- _Assignment_: Copy out the entries below exactly as they stand, but only from the line containing "[ydot] -> Sum1/2" through the line containing "Translational Model1/1(x) ->".

[Opening Task material section]

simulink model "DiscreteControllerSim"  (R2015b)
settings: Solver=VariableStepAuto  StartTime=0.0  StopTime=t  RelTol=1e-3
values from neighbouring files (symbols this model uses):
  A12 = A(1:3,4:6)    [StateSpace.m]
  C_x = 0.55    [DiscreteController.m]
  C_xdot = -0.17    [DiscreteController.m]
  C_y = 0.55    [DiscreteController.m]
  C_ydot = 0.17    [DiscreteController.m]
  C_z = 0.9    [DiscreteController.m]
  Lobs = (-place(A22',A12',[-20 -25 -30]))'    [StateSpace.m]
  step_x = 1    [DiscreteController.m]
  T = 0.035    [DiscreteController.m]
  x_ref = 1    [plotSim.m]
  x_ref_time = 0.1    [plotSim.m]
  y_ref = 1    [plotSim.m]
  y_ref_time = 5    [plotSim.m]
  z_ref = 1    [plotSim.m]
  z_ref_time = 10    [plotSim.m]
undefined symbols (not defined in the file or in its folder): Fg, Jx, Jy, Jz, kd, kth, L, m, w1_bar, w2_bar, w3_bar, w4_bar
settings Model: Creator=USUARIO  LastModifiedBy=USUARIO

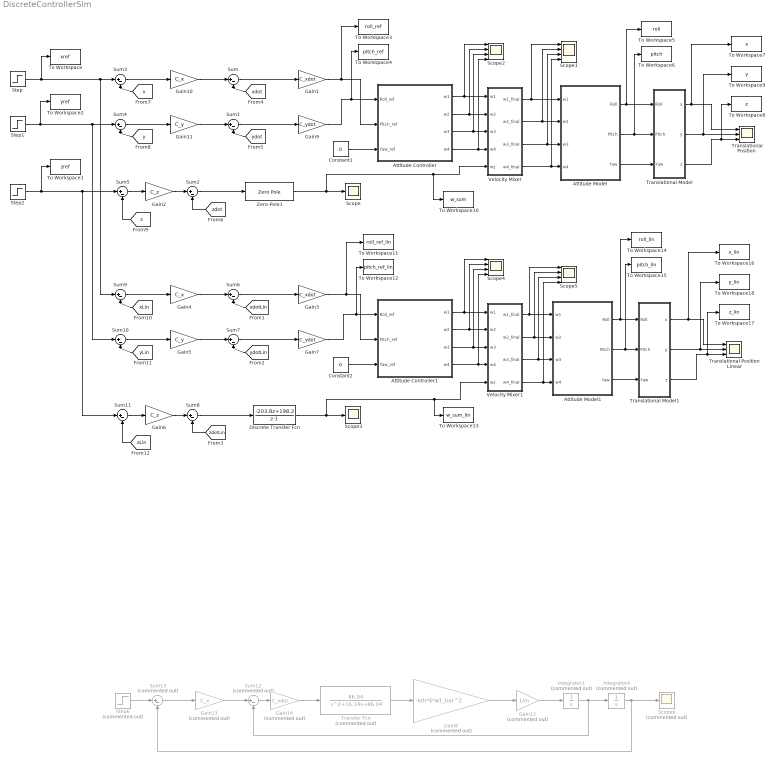
== system DiscreteControllerSim ==
  Attitude Controller : Subsystem
  Attitude Controller1 : Subsystem
  Attitude Model : Subsystem
  Attitude Model1 : Subsystem
  Constant1 : Constant  Value=0
  Constant2 : Constant  Value=0
  Discrete Transfer Fcn : DiscreteTransferFcn  Numerator=[-203.8 198.2]  Denominator=[1 -1]  SampleTime=T
  Gain1 : Gain  Gain=C_xdot
  Gain10 : Gain  Gain=C_x
  Gain11 : Gain  Gain=C_y
  Gain12 : Gain  Commented=on  Gain=1/m
  Gain13 : Gain  Commented=on  Gain=C_x
  Gain14 : Gain  Commented=on  Gain=C_xdot
  Gain2 : Gain  Gain=C_z
  Gain3 : Gain  Gain=C_xdot
  Gain4 : Gain  Gain=C_x
  Gain5 : Gain  Gain=C_y
  Gain6 : Gain  Gain=C_z
  Gain7 : Gain  Gain=C_ydot
  Gain8 : Gain  Commented=on  Gain=-kth*4*w1_bar^2
  Gain9 : Gain  Gain=C_ydot
  Integrator1 : Integrator  Commented=on
  Integrator4 : Integrator  Commented=on
  Scope : Scope
  Scope{1..2,4..5} (4 alike) : Scope  NumInputPorts=4
  Scope3 : Scope
  Scope6 : Scope  Commented=on
  Step : Step  Time=x_ref_time  After=x_ref  SampleTime=0
  Step1 : Step  Time=y_ref_time  After=y_ref  SampleTime=0
  Step2 : Step  Time=z_ref_time  After=z_ref  SampleTime=0
  Step6 : Step  Commented=on  Time=0  After=step_x  SampleTime=0
  Sum{,1..11} (12 alike) : Sum  Inputs=|+-
  Sum12 : Sum  Commented=on  Inputs=|+-
  Sum13 : Sum  Commented=on  Inputs=|+-
  To Workspace : ToWorkspace  VariableName=xref  SaveFormat=Timeseries  SampleTime=-1
  To Workspace1 : ToWorkspace  VariableName=zref  SaveFormat=Timeseries  SampleTime=-1
  To Workspace10 : ToWorkspace  VariableName=w_sum  SaveFormat=Timeseries  SampleTime=-1
  To Workspace11 : ToWorkspace  VariableName=roll_ref_lin  SaveFormat=Timeseries  SampleTime=-1
  To Workspace12 : ToWorkspace  VariableName=pitch_ref_lin  SaveFormat=Timeseries  SampleTime=-1
  To Workspace13 : ToWorkspace  VariableName=w_sum_lin  SaveFormat=Timeseries  SampleTime=-1
  To Workspace14 : ToWorkspace  VariableName=roll_lin  SaveFormat=Timeseries  SampleTime=-1
  To Workspace15 : ToWorkspace  VariableName=pitch_lin  SaveFormat=Timeseries  SampleTime=-1
  To Workspace16 : ToWorkspace  VariableName=x_lin  SaveFormat=Timeseries  SampleTime=-1
  To Workspace17 : ToWorkspace  VariableName=z_lin  SaveFormat=Timeseries  SampleTime=-1
  To Workspace18 : ToWorkspace  VariableName=y_lin  SaveFormat=Timeseries  SampleTime=-1
  To Workspace2 : ToWorkspace  VariableName=yref  SaveFormat=Timeseries  SampleTime=-1
  To Workspace3 : ToWorkspace  VariableName=roll_ref  SaveFormat=Timeseries  SampleTime=-1
  To Workspace4 : ToWorkspace  VariableName=pitch_ref  SaveFormat=Timeseries  SampleTime=-1
  To Workspace5 : ToWorkspace  VariableName=roll  SaveFormat=Timeseries  SampleTime=-1
  To Workspace6 : ToWorkspace  VariableName=pitch  SaveFormat=Timeseries  SampleTime=-1
  To Workspace7 : ToWorkspace  VariableName=x  SaveFormat=Timeseries  SampleTime=-1
  To Workspace8 : ToWorkspace  VariableName=z  SaveFormat=Timeseries  SampleTime=-1
  To Workspace9 : ToWorkspace  VariableName=y  SaveFormat=Timeseries  SampleTime=-1
  Transfer Fcn : TransferFcn  Commented=on  Numerator=[86.04]  Denominator=[1 16.14 86.04]
  Translational Position : Scope  NumInputPorts=3
  Translational Position Linear : Scope  NumInputPorts=3
  Translational Model : Subsystem
  Translational Model1 : Subsystem
  Velocity Mixer : Subsystem
  Velocity Mixer1 : Subsystem
  Zero-Pole1 : ZeroPole  Zeros=[-0.8]  Poles=[0]  Gain=[-200]
  wires:
  Sum/1 -> Gain1/1
  Sum1/1 -> Gain9/1
  Sum2/1 -> Zero-Pole1/1
  [zdot] -> Sum2/2
  [ydot] -> Sum1/2
  [xdot] -> Sum/2
  Gain10/1 -> Sum/1
  Gain11/1 -> Sum1/1
  Constant1/1 -> Attitude Controller/3(Yaw_ref)
  Gain1/1 -> To Workspace3/1, Attitude Controller/2(Pitch_ref)
  Gain9/1 -> To Workspace4/1, Attitude Controller/1(Roll_ref)
  Velocity Mixer/1(w1_final) -> Scope1/1, Attitude Model/1(w1)
  Velocity Mixer/2(w2_final) -> Scope1/2, Attitude Model/2(w2)
  Velocity Mixer/3(w3_final) -> Scope1/3, Attitude Model/3(w3)
  Velocity Mixer/4(w4_final) -> Scope1/4, Attitude Model/4(w4)
  Zero-Pole1/1 -> To Workspace10/1, Velocity Mixer/5(wz), Scope/1
  Attitude Controller/1(w1) -> Velocity Mixer/1(w1), Scope2/1
  Attitude Controller/2(w2) -> Velocity Mixer/2(w2), Scope2/2
  Attitude Controller/3(w3) -> Velocity Mixer/3(w3), Scope2/3
  Attitude Controller/4(w4) -> Velocity Mixer/4(w4), Scope2/4
  Gain2/1 -> Sum2/1
  Attitude Model/1(Roll) -> To Workspace5/1, Translational Model/1(Roll)
  Translational Model/1(x) -> To Workspace7/1, Translational Position/1
  Translational Model/2(y) -> To Workspace9/1, Translational Position/2
  Translational Model/3(z) -> To Workspace8/1, Translational Position/3
  Attitude Model/2(Pitch) -> To Workspace6/1, Translational Model/2(Pitch)
  Sum3/1 -> Gain10/1
  Sum4/1 -> Gain11/1
  [y] -> Sum4/2
  [x] -> Sum3/2
  [z] -> Sum5/2
  Sum5/1 -> Gain2/1
  Attitude Model/3(Yaw) -> Translational Model/3("Yaw ")
  Attitude Model1/1(Roll) -> To Workspace14/1, Translational Model1/1(Roll)
  Translational Model1/1(x) -> To Workspace16/1, Translational Position Linear/1
  Translational Model1/2(y) -> To Workspace18/1, Translational Position Linear/2
  Translational Model1/3(z) -> To Workspace17/1, Translational Position Linear/3
  Sum6/1 -> Gain3/1
  Sum7/1 -> Gain7/1
  Sum8/1 -> Discrete Transfer Fcn/1
  [zdotLin] -> Sum8/2
  [ydotLin] -> Sum7/2
  [xdotLin] -> Sum6/2
  Gain4/1 -> Sum6/1
  Gain5/1 -> Sum7/1
  Constant2/1 -> Attitude Controller1/3(Yaw_ref)
  Attitude Controller1/1(w1) -> Velocity Mixer1/1(w1), Scope4/1
  Attitude Controller1/2(w2) -> Velocity Mixer1/2(w2), Scope4/2
  Attitude Controller1/3(w3) -> Velocity Mixer1/3(w3), Scope4/3
  Attitude Controller1/4(w4) -> Velocity Mixer1/4(w4), Scope4/4
  Gain6/1 -> Sum8/1
  Sum9/1 -> Gain4/1
  Sum10/1 -> Gain5/1
  [yLin] -> Sum10/2
  [xLin] -> Sum9/2
  [zLin] -> Sum11/2
  Step2/1 -> To Workspace1/1, Sum11/1, Sum5/1
  Sum11/1 -> Gain6/1
  Step/1 -> To Workspace/1, Sum9/1, Sum3/1
  Step1/1 -> To Workspace2/1, Sum10/1, Sum4/1
  Velocity Mixer1/1(w1_final) -> Scope5/1, Attitude Model1/1(w1)
  Velocity Mixer1/2(w2_final) -> Scope5/2, Attitude Model1/2(w2)
  Velocity Mixer1/3(w3_final) -> Scope5/3, Attitude Model1/3(w3)
  Velocity Mixer1/4(w4_final) -> Scope5/4, Attitude Model1/4(w4)
  Transfer Fcn/1 -> Gain8/1
  Gain8/1 -> Gain12/1
  Gain12/1 -> Integrator1/1
  Sum12/1 -> Gain14/1
  Integrator1/1 -> Sum12/2, Integrator4/1
  Gain13/1 -> Sum12/1
  Sum13/1 -> Gain13/1
  Integrator4/1 -> Scope6/1, Sum13/2
  Step6/1 -> Sum13/1
  Gain14/1 -> Transfer Fcn/1
  Gain3/1 -> To Workspace11/1, Attitude Controller1/2(Pitch_ref)
  Gain7/1 -> To Workspace12/1, Attitude Controller1/1(Roll_ref)
  Discrete Transfer Fcn/1 -> Velocity Mixer1/5(wz), To Workspace13/1, Scope3/1
  Attitude Model1/2(Pitch) -> To Workspace15/1, Translational Model1/2(Pitch)
  Attitude Model1/3(Yaw) -> Translational Model1/3(Yaw)

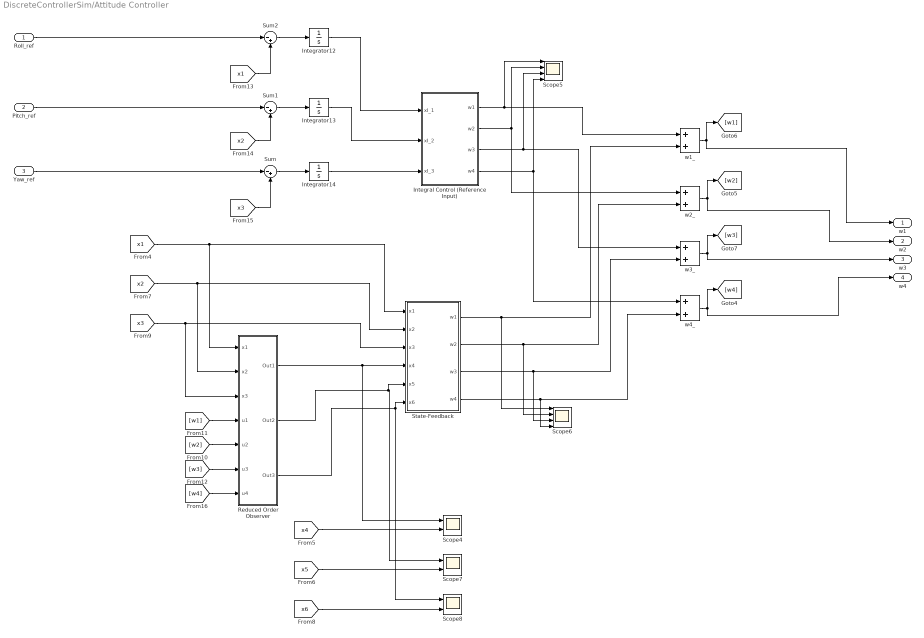
== system DiscreteControllerSim/Attitude Controller ==
  Roll_ref : Inport
  Pitch_ref : Inport  Port=2
  Yaw_ref : Inport  Port=3
  Integral Control (Reference Input) : MATLAB Function  TreatAsAtomicUnit=on
  Integrator12 : Integrator
  Integrator13 : Integrator
  Integrator14 : Integrator
  Reduced Order Observer : Subsystem
  Scope4 : Scope  NumInputPorts=2
  Scope5 : Scope  NumInputPorts=4
  Scope6 : Scope  NumInputPorts=4
  Scope7 : Scope  NumInputPorts=2
  Scope8 : Scope  NumInputPorts=2
  "State-Feedback " : MATLAB Function  TreatAsAtomicUnit=on
  Sum : Sum  Inputs=|-+
  Sum1 : Sum  Inputs=|-+
  Sum2 : Sum  Inputs=|-+
  w1_ : Sum
  w2_ : Sum
  w3_ : Sum
  w4_ : Sum
  w1 : Outport
  w2 : Outport  Port=2
  w3 : Outport  Port=3
  w4 : Outport  Port=4
  wires:
  "State-Feedback "/4(w4) -> w4_/2, Scope6/4
  Roll_ref/1 -> Sum2/1
  [x3] -> Sum/2
  [x1] -> Sum2/2
  Integrator13/1 -> Integral Control (Reference Input)/2(xI_2)
  "State-Feedback "/1(w1) -> w1_/2, Scope6/1
  [w3] -> Reduced Order Observer/6(u3)
  Sum2/1 -> Integrator12/1
  Sum/1 -> Integrator14/1
  [x3] -> "State-Feedback "/3(x3), Reduced Order Observer/3(x3)
  [w2] -> Reduced Order Observer/5(u2)
  Pitch_ref/1 -> Sum1/1
  Integrator14/1 -> Integral Control (Reference Input)/3(xI_3)
  Reduced Order Observer/3(Out3) -> "State-Feedback "/6(x6), Scope8/1
  [x4] -> Scope4/2
  [x6] -> Scope8/2
  "State-Feedback "/2(w2) -> w2_/2, Scope6/2
  Integral Control (Reference Input)/2(w2) -> Scope5/2, w2_/1
  [w4] -> Reduced Order Observer/7(u4)
  Integral Control (Reference Input)/3(w3) -> w3_/1, Scope5/3
  Reduced Order Observer/2(Out2) -> "State-Feedback "/5(x5), Scope7/1
  [x1] -> "State-Feedback "/1(x1), Reduced Order Observer/1(x1)
  [w1] -> Reduced Order Observer/4(u1)
  Integrator12/1 -> Integral Control (Reference Input)/1(xI_1)
  [x2] -> Sum1/2
  Integral Control (Reference Input)/4(w4) -> Scope5/4, w4_/1
  Integral Control (Reference Input)/1(w1) -> w1_/1, Scope5/1
  [x2] -> "State-Feedback "/2(x2), Reduced Order Observer/2(x2)
  Reduced Order Observer/1(Out1) -> "State-Feedback "/4(x4), Scope4/1
  [x5] -> Scope7/2
  Sum1/1 -> Integrator13/1
  Yaw_ref/1 -> Sum/1
  "State-Feedback "/3(w3) -> w3_/2, Scope6/3
  w1_/1 -> w1/1, [w1]
  w4_/1 -> w4/1, [w4]
  w2_/1 -> w2/1, [w2]
  w3_/1 -> w3/1, [w3]

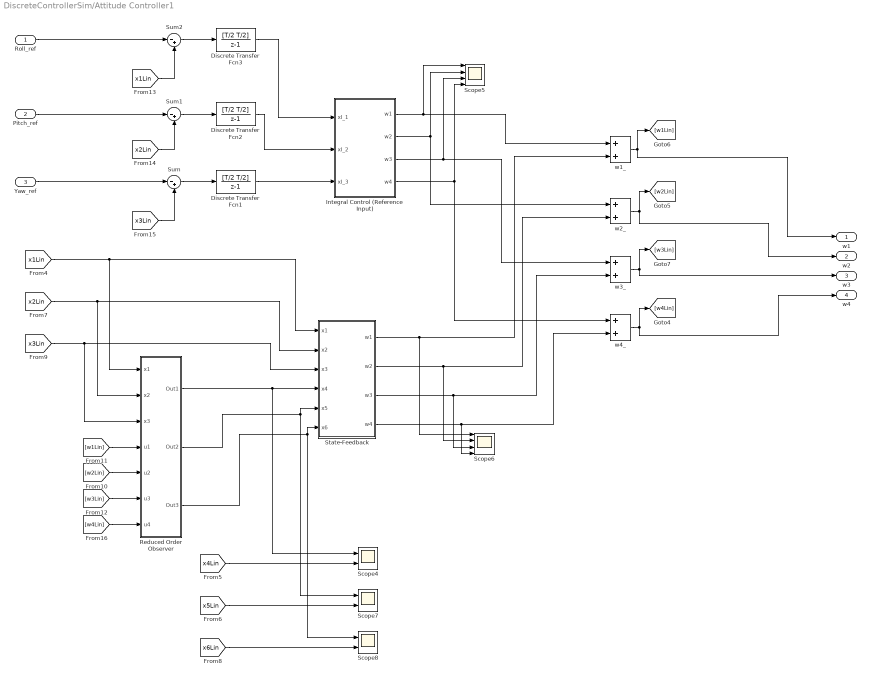
== system DiscreteControllerSim/Attitude Controller1 ==
  Roll_ref : Inport
  Pitch_ref : Inport  Port=2
  Yaw_ref : Inport  Port=3
  Discrete Transfer Fcn1 : DiscreteTransferFcn  Numerator=[T/2 T/2]  Denominator=[1 -1]  SampleTime=T
  Discrete Transfer Fcn2 : DiscreteTransferFcn  Numerator=[T/2 T/2]  Denominator=[1 -1]  SampleTime=T
  Discrete Transfer Fcn3 : DiscreteTransferFcn  Numerator=[T/2 T/2]  Denominator=[1 -1]  SampleTime=T
  Integral Control (Reference Input) : MATLAB Function  TreatAsAtomicUnit=on
  Reduced Order Observer : Subsystem
  Scope4 : Scope  NumInputPorts=2
  Scope5 : Scope  NumInputPorts=4
  Scope6 : Scope  NumInputPorts=4
  Scope7 : Scope  NumInputPorts=2
  Scope8 : Scope  NumInputPorts=2
  "State-Feedback " : MATLAB Function  TreatAsAtomicUnit=on
  Sum : Sum  Inputs=|-+
  Sum1 : Sum  Inputs=|-+
  Sum2 : Sum  Inputs=|-+
  w1_ : Sum
  w2_ : Sum
  w3_ : Sum
  w4_ : Sum
  w1 : Outport
  w2 : Outport  Port=2
  w3 : Outport  Port=3
  w4 : Outport  Port=4
  wires:
  "State-Feedback "/4(w4) -> w4_/2, Scope6/4
  Roll_ref/1 -> Sum2/1
  [x3Lin] -> Sum/2
  [x1Lin] -> Sum2/2
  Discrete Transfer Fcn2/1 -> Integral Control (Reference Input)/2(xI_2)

[Closing Task material section]

- _Task result_:
  [ydot] -> Sum1/2
  [xdot] -> Sum/2
  Gain10/1 -> Sum/1
  Gain11/1 -> Sum1/1
  Constant1/1 -> Attitude Controller/3(Yaw_ref)
  Gain1/1 -> To Workspace3/1, Attitude Controller/2(Pitch_ref)
  Gain9/1 -> To Workspace4/1, Attitude Controller/1(Roll_ref)
  Velocity Mixer/1(w1_final) -> Scope1/1, Attitude Model/1(w1)
  Velocity Mixer/2(w2_final) -> Scope1/2, Attitude Model/2(w2)
  Velocity Mixer/3(w3_final) -> Scope1/3, Attitude Model/3(w3)
  Velocity Mixer/4(w4_final) -> Scope1/4, Attitude Model/4(w4)
  Zero-Pole1/1 -> To Workspace10/1, Velocity Mixer/5(wz), Scope/1
  Attitude Controller/1(w1) -> Velocity Mixer/1(w1), Scope2/1
  Attitude Controller/2(w2) -> Velocity Mixer/2(w2), Scope2/2
  Attitude Controller/3(w3) -> Velocity Mixer/3(w3), Scope2/3
  Attitude Controller/4(w4) -> Velocity Mixer/4(w4), Scope2/4
  Gain2/1 -> Sum2/1
  Attitude Model/1(Roll) -> To Workspace5/1, Translational Model/1(Roll)
  Translational Model/1(x) -> To Workspace7/1, Translational Position/1
  Translational Model/2(y) -> To Workspace9/1, Translational Position/2
  Translational Model/3(z) -> To Workspace8/1, Translational Position/3
  Attitude Model/2(Pitch) -> To Workspace6/1, Translational Model/2(Pitch)
  Sum3/1 -> Gain10/1
  Sum4/1 -> Gain11/1
  [y] -> Sum4/2
  [x] -> Sum3/2
  [z] -> Sum5/2
  Sum5/1 -> Gain2/1
  Attitude Model/3(Yaw) -> Translational Model/3("Yaw ")
  Attitude Model1/1(Roll) -> To Workspace14/1, Translational Model1/1(Roll)
  Translational Model1/1(x) -> To Workspace16/1, Translational Position Linear/1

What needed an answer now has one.